During the 1999 Kosovo War, the US Air Force’s F­-117 stealth fighters dropped soft bombs to temporarily disrupt or knock out 70% of Serbia’s electricity­-generating capacity. According to a timeline of the war published by Rasmus Ole Rasmussen, Bent C. Jørgensen, and Bernhelm Booss-Bavnbek, Belgrade’s power was cut off on day 66 of the war. Six days later, on 6 June, Slobodan Milošević accepted NATO’s peace plan.

I hope military thinkers are devising ways to protect the internet’s physical infrastructure—if not from soft bombs, then at least from earthquakes and tsunamis.

This essay by Charles Day first appeared on page 104 of the July/August 2011 issue of Computing in Science & Engineering, a bimonthly magazine published jointly by the American Institute of Physics and IEEE Computer Society.

The Elements: An Illustrated History of the Periodic Table

Even though my interest in science developed in my early teens, and even though my love of reading developed earlier, I didn’t read many books about science in my childhood. In fact, only two science books stand out in my memory: Nigel Calder’s The Key to the Universe: A Report on the New Physics (Penguin, 1978) and Jane Werner Watson and Rudolph F. Zallinger’s Dinosaurs and Other Prehistoric Reptiles (Paul Hamlyn, 1960).

Calder’s book, which I read soon after it came out, influenced my decision to study physics at university. Watson and Zallinger’s book made an earlier and different impression. The 10-year-old me was enthralled by Zallinger’s vivid and lively illustrations, such as the one above. Not only were the dinosaurs and other creatures depicted as they might have been, but so too were the plants and landscapes.

Those memorable books came to mind when I read—or, rather, dipped into—a book that Tess Woods of Newman Communications had sent me to review, Tom Jackson’s The Elements: An Illustrated History of the Periodic Table (Shelter Harbor Press, 2012). The book is one of three in the Ponderables series. The others, also written by Jackson, are about mathematics and astronomy.

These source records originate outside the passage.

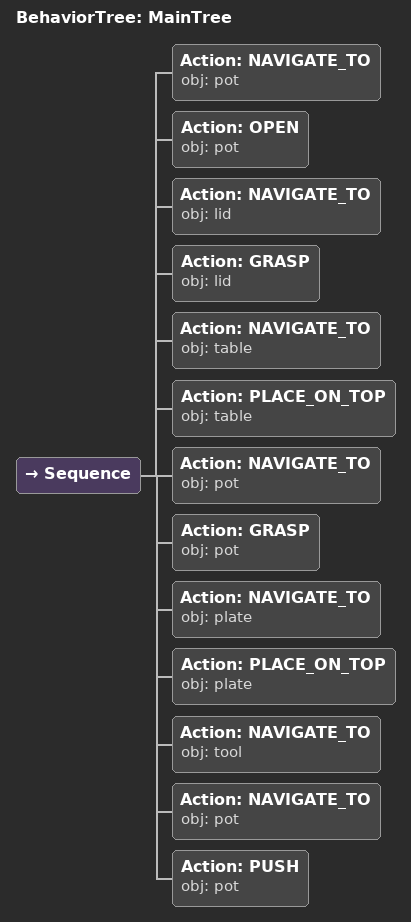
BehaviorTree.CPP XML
<root main_tree_to_execute="MainTree">
  <BehaviorTree ID="MainTree">
    <Sequence>
      <!-- Navigate to pot -->
      <Action ID="NAVIGATE_TO" obj="pot"/>
      <!-- Open pot -->
      <Action ID="OPEN" obj="pot"/>
      <!-- Navigate to lid -->
      <Action ID="NAVIGATE_TO" obj="lid"/>
      <!-- Grasp lid -->
      <Action ID="GRASP" obj="lid"/>
      <!-- Navigate to table -->
      <Action ID="NAVIGATE_TO" obj="table"/>
      <!-- Place on table -->
      <Action ID="PLACE_ON_TOP" obj="table"/>
      <!-- Navigate to pot -->
      <Action ID="NAVIGATE_TO" obj="pot"/>
      <!-- Grasp pot -->
      <Action ID="GRASP" obj="pot"/>
      <!-- Navigate to plate -->
      <Action ID="NAVIGATE_TO" obj="plate"/>
      <!-- Place on plate -->
      <Action ID="PLACE_ON_TOP" obj="plate"/>
      <!-- Navigate to tool -->
      <Action ID="NAVIGATE_TO" obj="tool"/>
      <!-- Navigate to pot -->
      <Action ID="NAVIGATE_TO" obj="pot"/>
      <!-- Push pot (use spatula to push pot to front edge of table) -->
      <Action ID="PUSH" obj="pot"/>
    </Sequence>
  </BehaviorTree>
</root>

The bulk of Elements consists of 100 short, chronologically arranged chapters. The first, “Stone Age Chemistry,” discusses fire, food, and cave paintings. The last covers the recently discovered Higgs boson. In between, Jackson tells the story of humankind’s gradually growing awareness of chemical science and its applications.

It’s a measure of Jackson’s skill that I couldn’t tell at what age group his book is aimed. Inquisitive high schoolers and adults alike will enjoy and learn from what’s inside. Despite my professional interest in science, I discovered something new from almost every chapter. Did you know that the first plastic polymer, Parkesine, was invented in 1856 by Alexander Parkes and that it found use, decades later, as celluloid film stock? Or that the Periodic Table’s resemblance to an upside-down game of Solitaire is not a coincidence? I didn’t.

But Elements is more than a collection of interesting facts. Much of chemistry is ultimately about the arrangement and rearrangement of electrons. As if to emphasize that point, Jackson weaves the history of electromagnetism into his story. Readers learn about the first batteries, electrolysis, Coulomb’s law, J. J. Thomson’s discovery of the electron, and other electromagnetic milestones. Radioactivity and quantum mechanics are also covered.

The book is also more than a history of past discoveries. Its penultimate section, “Imponderables,” outlines seven open questions in chemistry, including these three: Why is nature one-sided? Is bismuth radioactive? Does francium exist? The book’s effect on young readers, I hope, will be to inspire some of them to meet the continuing challenge of understanding the universe and its contents.

The book’s effect on older readers, I expect, will be to impress on them the sheer scale of scientific progress. No other human endeavor—not art, not literature, not politics, not even exploration—can match the immensity of science’s upward leap from making fire to discovering the Higgs.